At the doorway to their bedroom, Willem lifts him—he has lost so much weight, and without his prostheses is so less storklike a form, that now even Julia can lift him—and carries him to their bed, helps him undress, helps him remove his temporary prostheses, folds the covers back over him. He pours him a glass of water, hands him his pills: an antibiotic, a fistful of vitamins. He swallows them all as Willem watches, and then for a while Willem sits on the bed next to him, not touching him, but simply near.
“Promise me you’ll go out there and stay up late,” he tells Willem, and Willem shrugs.
“Maybe I’ll just stay here with you,” he says. “They seem to be having a fine time without me.” And sure enough, there is a burst of laughter from the dining room, and they look at each other and smile.
“No,” he says, “promise me,” and finally, Willem does. “Thank you, Willem,” he says, inadequately, his eyes closing. “This was a good day.”
“It was, wasn’t it?” he hears Willem say, and then he begins to say something else, but he doesn’t hear it because he has fallen asleep.

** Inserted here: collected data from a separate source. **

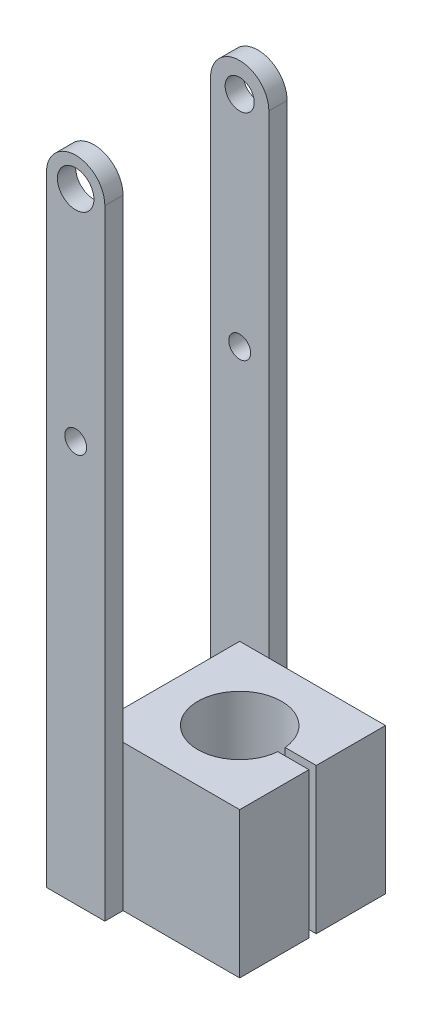
ISO-10303-21;
HEADER;
FILE_DESCRIPTION(('STEP AP214'),'2;1');
FILE_NAME('part.step','',(''),(''),'','','');
FILE_SCHEMA(('AUTOMOTIVE_DESIGN { 1 0 10303 214 1 1 1 1 }'));
ENDSEC;
DATA;
#1=APPLICATION_CONTEXT('core data for automotive mechanical design processes');
#2=APPLICATION_PROTOCOL_DEFINITION('international standard','automotive_design',2000,#1);
#3=PRODUCT_CONTEXT('',#1,'mechanical');
#4=PRODUCT('Part','Part','',(#3));
#5=PRODUCT_RELATED_PRODUCT_CATEGORY('part','',(#4));
#6=PRODUCT_DEFINITION_FORMATION('','',#4);
#7=PRODUCT_DEFINITION_CONTEXT('part definition',#1,'design');
#8=PRODUCT_DEFINITION('design','',#6,#7);
#9=PRODUCT_DEFINITION_SHAPE('','',#8);
#10=(LENGTH_UNIT() NAMED_UNIT(*) SI_UNIT(.MILLI.,.METRE.));
#11=(NAMED_UNIT(*) PLANE_ANGLE_UNIT() SI_UNIT($,.RADIAN.));
#12=(NAMED_UNIT(*) SI_UNIT($,.STERADIAN.) SOLID_ANGLE_UNIT());
#13=UNCERTAINTY_MEASURE_WITH_UNIT(LENGTH_MEASURE(1.E-05),#10,'distance_accuracy_value','');
#14=(GEOMETRIC_REPRESENTATION_CONTEXT(3) GLOBAL_UNCERTAINTY_ASSIGNED_CONTEXT((#13)) GLOBAL_UNIT_ASSIGNED_CONTEXT((#10,
#11,#12)) REPRESENTATION_CONTEXT('',''));
#15=CARTESIAN_POINT('',(0.,0.,0.));
#16=DIRECTION('',(0.,0.,1.));
#17=DIRECTION('',(1.,0.,0.));
#18=AXIS2_PLACEMENT_3D('',#15,#16,#17);
#19=CARTESIAN_POINT('',(-20.,40.,-20.));
#20=DIRECTION('',(0.,0.,1.));
#21=DIRECTION('',(1.,0.,0.));
#22=AXIS2_PLACEMENT_3D('',#19,#20,#21);
#23=PLANE('',#22);
#24=DIRECTION('',(0.,-1.,0.));
#25=VECTOR('',#24,1.);
#26=CARTESIAN_POINT('',(-12.,170.,-20.));
#27=LINE('',#26,#25);
#28=CARTESIAN_POINT('',(-12.,40.,-20.));
#29=VERTEX_POINT('',#28);
#30=CARTESIAN_POINT('',(-12.,0.,-20.));
#31=VERTEX_POINT('',#30);
#32=EDGE_CURVE('E11',#29,#31,#27,.T.);
#33=ORIENTED_EDGE('',*,*,#32,.F.);
#34=DIRECTION('',(-1.,0.,0.));
#35=VECTOR('',#34,1.);
#36=CARTESIAN_POINT('',(-20.,40.,-20.));
#37=LINE('',#36,#35);
#38=CARTESIAN_POINT('',(20.,40.,-20.));
#39=VERTEX_POINT('',#38);
#40=EDGE_CURVE('E217',#39,#29,#37,.T.);
#41=ORIENTED_EDGE('',*,*,#40,.F.);
#42=DIRECTION('',(0.,-1.,0.));
#43=VECTOR('',#42,1.);
#44=CARTESIAN_POINT('',(20.,40.,-20.));
#45=LINE('',#44,#43);
#46=CARTESIAN_POINT('',(20.,0.,-20.));
#47=VERTEX_POINT('',#46);
#48=EDGE_CURVE('E292',#39,#47,#45,.T.);
#49=ORIENTED_EDGE('',*,*,#48,.T.);
#50=DIRECTION('',(-1.,0.,0.));
#51=VECTOR('',#50,1.);
#52=CARTESIAN_POINT('',(-20.,0.,-20.));
#53=LINE('',#52,#51);
#54=EDGE_CURVE('E267',#47,#31,#53,.T.);
#55=ORIENTED_EDGE('',*,*,#54,.T.);
#56=EDGE_LOOP('',(#33,#41,#49,#55));
#57=FACE_BOUND('',#56,.T.);
#58=ADVANCED_FACE('F31',(#57),#23,.F.);
#59=CARTESIAN_POINT('',(20.,40.,20.));
#60=DIRECTION('',(0.,0.,-1.));
#61=DIRECTION('',(-1.,0.,0.));
#62=AXIS2_PLACEMENT_3D('',#59,#60,#61);
#63=PLANE('',#62);
#64=DIRECTION('',(0.,1.,0.));
#65=VECTOR('',#64,1.);
#66=CARTESIAN_POINT('',(-12.,170.,20.));
#67=LINE('',#66,#65);
#68=CARTESIAN_POINT('',(-12.,0.,20.));
#69=VERTEX_POINT('',#68);
#70=CARTESIAN_POINT('',(-12.,40.,20.));
#71=VERTEX_POINT('',#70);
#72=EDGE_CURVE('E54',#69,#71,#67,.T.);
#73=ORIENTED_EDGE('',*,*,#72,.F.);
#74=DIRECTION('',(1.,0.,0.));
#75=VECTOR('',#74,1.);
#76=CARTESIAN_POINT('',(20.,0.,20.));
#77=LINE('',#76,#75);
#78=CARTESIAN_POINT('',(20.,0.,20.));
#79=VERTEX_POINT('',#78);
#80=EDGE_CURVE('E229',#69,#79,#77,.T.);
#81=ORIENTED_EDGE('',*,*,#80,.T.);
#82=DIRECTION('',(0.,-1.,0.));
#83=VECTOR('',#82,1.);
#84=CARTESIAN_POINT('',(20.,40.,20.));
#85=LINE('',#84,#83);
#86=CARTESIAN_POINT('',(20.,40.,20.));
#87=VERTEX_POINT('',#86);
#88=EDGE_CURVE('E336',#87,#79,#85,.T.);
#89=ORIENTED_EDGE('',*,*,#88,.F.);
#90=DIRECTION('',(1.,0.,0.));
#91=VECTOR('',#90,1.);
#92=CARTESIAN_POINT('',(20.,40.,20.));
#93=LINE('',#92,#91);
#94=EDGE_CURVE('E266',#71,#87,#93,.T.);
#95=ORIENTED_EDGE('',*,*,#94,.F.);
#96=EDGE_LOOP('',(#73,#81,#89,#95));
#97=FACE_BOUND('',#96,.T.);
#98=ADVANCED_FACE('F300',(#97),#63,.F.);
#99=CARTESIAN_POINT('',(-20.,40.,-20.));
#100=DIRECTION('',(1.,0.,0.));
#101=DIRECTION('',(0.,0.,-1.));
#102=AXIS2_PLACEMENT_3D('',#99,#100,#101);
#103=PLANE('',#102);
#104=DIRECTION('',(0.,0.,1.));
#105=VECTOR('',#104,1.);
#106=CARTESIAN_POINT('',(-20.,0.,-20.));
#107=LINE('',#106,#105);
#108=CARTESIAN_POINT('',(-20.,0.,-20.));
#109=VERTEX_POINT('',#108);
#110=CARTESIAN_POINT('',(-20.,0.,20.));
#111=VERTEX_POINT('',#110);
#112=EDGE_CURVE('E232',#109,#111,#107,.T.);
#113=ORIENTED_EDGE('',*,*,#112,.T.);
#114=DIRECTION('',(0.,-1.,0.));
#115=VECTOR('',#114,1.);
#116=CARTESIAN_POINT('',(-20.,40.,20.));
#117=LINE('',#116,#115);
#118=CARTESIAN_POINT('',(-20.,40.,20.));
#119=VERTEX_POINT('',#118);
#120=EDGE_CURVE('E40',#119,#111,#117,.T.);
#121=ORIENTED_EDGE('',*,*,#120,.F.);
#122=DIRECTION('',(0.,0.,1.));
#123=VECTOR('',#122,1.);
#124=CARTESIAN_POINT('',(-20.,40.,-20.));
#125=LINE('',#124,#123);
#126=CARTESIAN_POINT('',(-20.,40.,-20.));
#127=VERTEX_POINT('',#126);
#128=EDGE_CURVE('E264',#127,#119,#125,.T.);
#129=ORIENTED_EDGE('',*,*,#128,.F.);
#130=DIRECTION('',(0.,-1.,0.));
#131=VECTOR('',#130,1.);
#132=CARTESIAN_POINT('',(-20.,40.,-20.));
#133=LINE('',#132,#131);
#134=EDGE_CURVE('E214',#127,#109,#133,.T.);
#135=ORIENTED_EDGE('',*,*,#134,.T.);
#136=EDGE_LOOP('',(#113,#121,#129,#135));
#137=FACE_BOUND('',#136,.T.);
#138=ADVANCED_FACE('F33',(#137),#103,.F.);
#139=CARTESIAN_POINT('',(20.,40.,1.));
#140=DIRECTION('',(-1.,0.,0.));
#141=DIRECTION('',(0.,0.,1.));
#142=AXIS2_PLACEMENT_3D('',#139,#140,#141);
#143=PLANE('',#142);
#144=DIRECTION('',(0.,0.,-1.));
#145=VECTOR('',#144,1.);
#146=CARTESIAN_POINT('',(20.,0.,1.));
#147=LINE('',#146,#145);
#148=CARTESIAN_POINT('',(20.,0.,1.));
#149=VERTEX_POINT('',#148);
#150=EDGE_CURVE('E226',#79,#149,#147,.T.);
#151=ORIENTED_EDGE('',*,*,#150,.T.);
#152=DIRECTION('',(0.,-1.,0.));
#153=VECTOR('',#152,1.);
#154=CARTESIAN_POINT('',(20.,40.,1.));
#155=LINE('',#154,#153);
#156=CARTESIAN_POINT('',(20.,40.,1.));
#157=VERTEX_POINT('',#156);
#158=EDGE_CURVE('E333',#157,#149,#155,.T.);
#159=ORIENTED_EDGE('',*,*,#158,.F.);
#160=DIRECTION('',(0.,0.,-1.));
#161=VECTOR('',#160,1.);
#162=CARTESIAN_POINT('',(20.,40.,1.));
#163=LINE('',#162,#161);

That night his dreams wake him. It is one of the side effects of the particular antibiotic he is on, these dreams, and this time, they are worse than ever. Night after night, he dreams. He dreams that he is in the motel rooms, that he is in Dr. Traylor’s house. He dreams that he is still fifteen, that the previous thirty-three years haven’t even happened. He dreams of specific clients, specific incidents, of things he hadn’t even known he remembered. He dreams that he ha
s become Brother Luke himself. He dreams, again and again, that Harold is Dr. Traylor, and when he wakes, he feels ashamed for attributing such behavior to Harold, even in his subconscious, and at the same time fearful that the dream might be real after all, and he has to remind himself of Willem’s promise: Never, ever, Jude. He would never do that to you, not for anything.
Sometimes the dreams are so vivid, so real, that it takes minutes, an hour for him to return to his life, for him to convince himself that the life of his consciousness is in fact real life, his real life. Sometimes he wakes so far from himself that he can’t even remember who he is. “Where am I?” he asks, desperate, and then, “Who am I? Who am I?”
And then he hears, so close to his ear that it is as if the voice is originating inside his own head, Willem’s whispered incantation. “You’re Jude St. Francis. You are my oldest, dearest friend. You’re the son of Harold Stein and Julia Altman. You’re the friend of Malcolm Irvine, of Jean-Baptiste Marion, of Richard Goldfarb, of Andy Contractor, of Lucien Voigt, of Citizen van Straaten, of Rhodes Arrowsmith, of Elijah Kozma, of Phaedra de los Santos, of the Henry Youngs.
“You’re a New Yorker. You live in SoHo. You volunteer for an arts organization; you volunteer for a food kitchen.
“You’re a swimmer. You’re a baker. You’re a cook. You’re a reader. You have a beautiful voice, though you never sing anymore. You’re an excellent pianist. You’re an art collector. You write me lovely messages when I’m away. You’re patient. You’re generous. You’re the best listener I know. You’re the smartest person I know, in every way. You’re the bravest person I know, in every way.
“You’re a lawyer. You’re the chair of the litigation department at Rosen Pritchard and Klein. You love your job; you work hard at it.